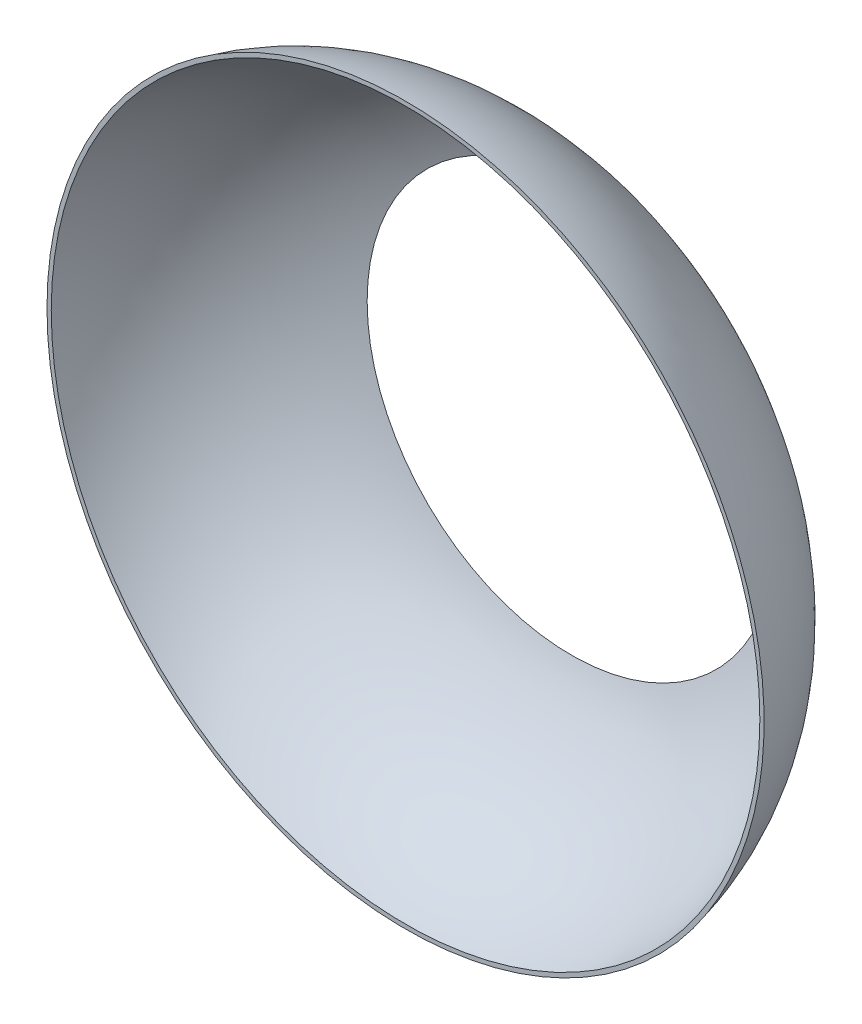
ISO-10303-21;
HEADER;
FILE_DESCRIPTION(('STEP AP214'),'2;1');
FILE_NAME('part.step','',(''),(''),'','','');
FILE_SCHEMA(('AUTOMOTIVE_DESIGN { 1 0 10303 214 1 1 1 1 }'));
ENDSEC;
DATA;
#1=APPLICATION_CONTEXT('core data for automotive mechanical design processes');
#2=APPLICATION_PROTOCOL_DEFINITION('international standard','automotive_design',2000,#1);
#3=PRODUCT_CONTEXT('',#1,'mechanical');
#4=PRODUCT('Part','Part','',(#3));
#5=PRODUCT_RELATED_PRODUCT_CATEGORY('part','',(#4));
#6=PRODUCT_DEFINITION_FORMATION('','',#4);
#7=PRODUCT_DEFINITION_CONTEXT('part definition',#1,'design');
#8=PRODUCT_DEFINITION('design','',#6,#7);
#9=PRODUCT_DEFINITION_SHAPE('','',#8);
#10=(LENGTH_UNIT() NAMED_UNIT(*) SI_UNIT(.MILLI.,.METRE.));
#11=(NAMED_UNIT(*) PLANE_ANGLE_UNIT() SI_UNIT($,.RADIAN.));
#12=(NAMED_UNIT(*) SI_UNIT($,.STERADIAN.) SOLID_ANGLE_UNIT());
#13=UNCERTAINTY_MEASURE_WITH_UNIT(LENGTH_MEASURE(1.E-05),#10,'distance_accuracy_value','');
#14=(GEOMETRIC_REPRESENTATION_CONTEXT(3) GLOBAL_UNCERTAINTY_ASSIGNED_CONTEXT((#13)) GLOBAL_UNIT_ASSIGNED_CONTEXT((#10,
#11,#12)) REPRESENTATION_CONTEXT('',''));
#15=CARTESIAN_POINT('',(0.,0.,0.));
#16=DIRECTION('',(0.,0.,1.));
#17=DIRECTION('',(1.,0.,0.));
#18=AXIS2_PLACEMENT_3D('',#15,#16,#17);
#19=CARTESIAN_POINT('',(0.,0.,26.2692553472909));
#20=DIRECTION('',(0.,0.,-1.));
#21=DIRECTION('',(-1.,0.,0.));
#22=AXIS2_PLACEMENT_3D('',#19,#20,#21);
#23=DEGENERATE_TOROIDAL_SURFACE('',#22,15.6241050813964,28.2687259876234,.T.);
#24=CARTESIAN_POINT('',(0.,0.,20.));
#25=DIRECTION('',(0.,0.,-1.));
#26=DIRECTION('',(-1.,0.,0.));
#27=AXIS2_PLACEMENT_3D('',#24,#25,#26);
#28=CIRCLE('',#27,43.1888888888889);
#29=CARTESIAN_POINT('',(-43.1888888888889,0.,20.));
#30=VERTEX_POINT('',#29);
#31=EDGE_CURVE('E10',#30,#30,#28,.T.);
#32=ORIENTED_EDGE('',*,*,#31,.T.);
#33=EDGE_LOOP('',(#32));
#34=FACE_BOUND('',#33,.T.);
#35=CARTESIAN_POINT('',(0.,0.,0.));
#36=DIRECTION('',(0.,0.,-1.));
#37=DIRECTION('',(-1.,0.,0.));
#38=AXIS2_PLACEMENT_3D('',#35,#36,#37);
#39=CIRCLE('',#38,26.0666666666667);
#40=CARTESIAN_POINT('',(-26.0666666666667,0.,0.));
#41=VERTEX_POINT('',#40);
#42=EDGE_CURVE('E44',#41,#41,#39,.T.);
#43=ORIENTED_EDGE('',*,*,#42,.F.);
#44=EDGE_LOOP('',(#43));
#45=FACE_BOUND('',#44,.T.);
#46=ADVANCED_FACE('F37',(#34,#45),#23,.T.);
#47=CARTESIAN_POINT('',(0.,0.,20.));
#48=DIRECTION('',(0.,0.,1.));
#49=DIRECTION('',(1.,0.,0.));
#50=AXIS2_PLACEMENT_3D('',#47,#48,#49);
#51=PLANE('',#50);
#52=CARTESIAN_POINT('',(0.,0.,20.));
#53=DIRECTION('',(0.,0.,1.));
#54=DIRECTION('',(1.,0.,0.));
#55=AXIS2_PLACEMENT_3D('',#52,#53,#54);
#56=CIRCLE('',#55,42.6758810002927);
#57=CARTESIAN_POINT('',(42.6758810002927,0.,20.));
#58=VERTEX_POINT('',#57);
#59=EDGE_CURVE('E49',#58,#58,#56,.F.);
#60=ORIENTED_EDGE('',*,*,#59,.T.);
#61=EDGE_LOOP('',(#60));
#62=FACE_BOUND('',#61,.T.);
#63=ORIENTED_EDGE('',*,*,#31,.F.);
#64=EDGE_LOOP('',(#63));
#65=FACE_BOUND('',#64,.T.);
#66=ADVANCED_FACE('F65',(#62,#65),#51,.T.);
#67=CARTESIAN_POINT('',(-26.0666666666667,0.,0.));
#68=DIRECTION('',(0.,0.,-1.));
#69=DIRECTION('',(-1.,0.,0.));
#70=AXIS2_PLACEMENT_3D('',#67,#68,#69);
#71=PLANE('',#70);
#72=CARTESIAN_POINT('',(0.,0.,0.));
#73=DIRECTION('',(0.,0.,-1.));
#74=DIRECTION('',(-1.,0.,0.));
#75=AXIS2_PLACEMENT_3D('',#72,#73,#74);
#76=CIRCLE('',#75,24.6256808587);
#77=CARTESIAN_POINT('',(-24.6256808587,0.,0.));
#78=VERTEX_POINT('',#77);
#79=EDGE_CURVE('E54',#78,#78,#76,.T.);
#80=ORIENTED_EDGE('',*,*,#79,.F.);
#81=EDGE_LOOP('',(#80));
#82=FACE_BOUND('',#81,.T.);
#83=ORIENTED_EDGE('',*,*,#42,.T.);
#84=EDGE_LOOP('',(#83));
#85=FACE_BOUND('',#84,.T.);
#86=ADVANCED_FACE('F63',(#82,#85),#71,.T.);
#87=CARTESIAN_POINT('',(0.,0.,26.2692553472909));
#88=DIRECTION('',(0.,0.,-1.));
#89=DIRECTION('',(-1.,0.,0.));
#90=AXIS2_PLACEMENT_3D('',#87,#88,#89);
#91=DEGENERATE_TOROIDAL_SURFACE('',#90,15.6241050813964,27.7687259876234,.T.);
#92=ORIENTED_EDGE('',*,*,#59,.F.);
#93=EDGE_LOOP('',(#92));
#94=FACE_BOUND('',#93,.T.);
#95=ORIENTED_EDGE('',*,*,#79,.T.);
#96=EDGE_LOOP('',(#95));
#97=FACE_BOUND('',#96,.T.);
#98=ADVANCED_FACE('F61',(#94,#97),#91,.F.);
#99=CLOSED_SHELL('',(#46,#66,#86,#98));
#100=MANIFOLD_SOLID_BREP('B2',#99);
#101=ADVANCED_BREP_SHAPE_REPRESENTATION('',(#18,#100),#14);
#102=SHAPE_DEFINITION_REPRESENTATION(#9,#101);
ENDSEC;
END-ISO-10303-21;
● ● ●
PROBLEM:
Since the listing holds pictures, return everything else in it exactly and omit those.

SOLVED EXERCISE:
ISO-10303-21;
HEADER;
FILE_DESCRIPTION(('STEP AP214'),'2;1');
FILE_NAME('part.step','',(''),(''),'','','');
FILE_SCHEMA(('AUTOMOTIVE_DESIGN { 1 0 10303 214 1 1 1 1 }'));
ENDSEC;
DATA;
#1=APPLICATION_CONTEXT('core data for automotive mechanical design processes');
#2=APPLICATION_PROTOCOL_DEFINITION('international standard','automotive_design',2000,#1);
#3=PRODUCT_CONTEXT('',#1,'mechanical');
#4=PRODUCT('Part','Part','',(#3));
#5=PRODUCT_RELATED_PRODUCT_CATEGORY('part','',(#4));
#6=PRODUCT_DEFINITION_FORMATION('','',#4);
#7=PRODUCT_DEFINITION_CONTEXT('part definition',#1,'design');
#8=PRODUCT_DEFINITION('design','',#6,#7);
#9=PRODUCT_DEFINITION_SHAPE('','',#8);
#10=(LENGTH_UNIT() NAMED_UNIT(*) SI_UNIT(.MILLI.,.METRE.));
#11=(NAMED_UNIT(*) PLANE_ANGLE_UNIT() SI_UNIT($,.RADIAN.));
#12=(NAMED_UNIT(*) SI_UNIT($,.STERADIAN.) SOLID_ANGLE_UNIT());
#13=UNCERTAINTY_MEASURE_WITH_UNIT(LENGTH_MEASURE(1.E-05),#10,'distance_accuracy_value','');
#14=(GEOMETRIC_REPRESENTATION_CONTEXT(3) GLOBAL_UNCERTAINTY_ASSIGNED_CONTEXT((#13)) GLOBAL_UNIT_ASSIGNED_CONTEXT((#10,
#11,#12)) REPRESENTATION_CONTEXT('',''));
#15=CARTESIAN_POINT('',(0.,0.,0.));
#16=DIRECTION('',(0.,0.,1.));
#17=DIRECTION('',(1.,0.,0.));
#18=AXIS2_PLACEMENT_3D('',#15,#16,#17);
#19=CARTESIAN_POINT('',(0.,0.,26.2692553472909));
#20=DIRECTION('',(0.,0.,-1.));
#21=DIRECTION('',(-1.,0.,0.));
#22=AXIS2_PLACEMENT_3D('',#19,#20,#21);
#23=DEGENERATE_TOROIDAL_SURFACE('',#22,15.6241050813964,28.2687259876234,.T.);
#24=CARTESIAN_POINT('',(0.,0.,20.));
#25=DIRECTION('',(0.,0.,-1.));
#26=DIRECTION('',(-1.,0.,0.));
#27=AXIS2_PLACEMENT_3D('',#24,#25,#26);
#28=CIRCLE('',#27,43.1888888888889);
#29=CARTESIAN_POINT('',(-43.1888888888889,0.,20.));
#30=VERTEX_POINT('',#29);
#31=EDGE_CURVE('E10',#30,#30,#28,.T.);
#32=ORIENTED_EDGE('',*,*,#31,.T.);
#33=EDGE_LOOP('',(#32));
#34=FACE_BOUND('',#33,.T.);
#35=CARTESIAN_POINT('',(0.,0.,0.));
#36=DIRECTION('',(0.,0.,-1.));
#37=DIRECTION('',(-1.,0.,0.));
#38=AXIS2_PLACEMENT_3D('',#35,#36,#37);
#39=CIRCLE('',#38,26.0666666666667);
#40=CARTESIAN_POINT('',(-26.0666666666667,0.,0.));
#41=VERTEX_POINT('',#40);
#42=EDGE_CURVE('E44',#41,#41,#39,.T.);
#43=ORIENTED_EDGE('',*,*,#42,.F.);
#44=EDGE_LOOP('',(#43));
#45=FACE_BOUND('',#44,.T.);
#46=ADVANCED_FACE('F37',(#34,#45),#23,.T.);
#47=CARTESIAN_POINT('',(0.,0.,20.));
#48=DIRECTION('',(0.,0.,1.));
#49=DIRECTION('',(1.,0.,0.));
#50=AXIS2_PLACEMENT_3D('',#47,#48,#49);
#51=PLANE('',#50);
#52=CARTESIAN_POINT('',(0.,0.,20.));
#53=DIRECTION('',(0.,0.,1.));
#54=DIRECTION('',(1.,0.,0.));
#55=AXIS2_PLACEMENT_3D('',#52,#53,#54);
#56=CIRCLE('',#55,42.6758810002927);
#57=CARTESIAN_POINT('',(42.6758810002927,0.,20.));
#58=VERTEX_POINT('',#57);
#59=EDGE_CURVE('E49',#58,#58,#56,.F.);
#60=ORIENTED_EDGE('',*,*,#59,.T.);
#61=EDGE_LOOP('',(#60));
#62=FACE_BOUND('',#61,.T.);
#63=ORIENTED_EDGE('',*,*,#31,.F.);
#64=EDGE_LOOP('',(#63));
#65=FACE_BOUND('',#64,.T.);
#66=ADVANCED_FACE('F65',(#62,#65),#51,.T.);
#67=CARTESIAN_POINT('',(-26.0666666666667,0.,0.));
#68=DIRECTION('',(0.,0.,-1.));
#69=DIRECTION('',(-1.,0.,0.));
#70=AXIS2_PLACEMENT_3D('',#67,#68,#69);
#71=PLANE('',#70);
#72=CARTESIAN_POINT('',(0.,0.,0.));
#73=DIRECTION('',(0.,0.,-1.));
#74=DIRECTION('',(-1.,0.,0.));
#75=AXIS2_PLACEMENT_3D('',#72,#73,#74);
#76=CIRCLE('',#75,24.6256808587);
#77=CARTESIAN_POINT('',(-24.6256808587,0.,0.));
#78=VERTEX_POINT('',#77);
#79=EDGE_CURVE('E54',#78,#78,#76,.T.);
#80=ORIENTED_EDGE('',*,*,#79,.F.);
#81=EDGE_LOOP('',(#80));
#82=FACE_BOUND('',#81,.T.);
#83=ORIENTED_EDGE('',*,*,#42,.T.);
#84=EDGE_LOOP('',(#83));
#85=FACE_BOUND('',#84,.T.);
#86=ADVANCED_FACE('F63',(#82,#85),#71,.T.);
#87=CARTESIAN_POINT('',(0.,0.,26.2692553472909));
#88=DIRECTION('',(0.,0.,-1.));
#89=DIRECTION('',(-1.,0.,0.));
#90=AXIS2_PLACEMENT_3D('',#87,#88,#89);
#91=DEGENERATE_TOROIDAL_SURFACE('',#90,15.6241050813964,27.7687259876234,.T.);
#92=ORIENTED_EDGE('',*,*,#59,.F.);
#93=EDGE_LOOP('',(#92));
#94=FACE_BOUND('',#93,.T.);
#95=ORIENTED_EDGE('',*,*,#79,.T.);
#96=EDGE_LOOP('',(#95));
#97=FACE_BOUND('',#96,.T.);
#98=ADVANCED_FACE('F61',(#94,#97),#91,.F.);
#99=CLOSED_SHELL('',(#46,#66,#86,#98));
#100=MANIFOLD_SOLID_BREP('B2',#99);
#101=ADVANCED_BREP_SHAPE_REPRESENTATION('',(#18,#100),#14);
#102=SHAPE_DEFINITION_REPRESENTATION(#9,#101);
ENDSEC;
END-ISO-10303-21;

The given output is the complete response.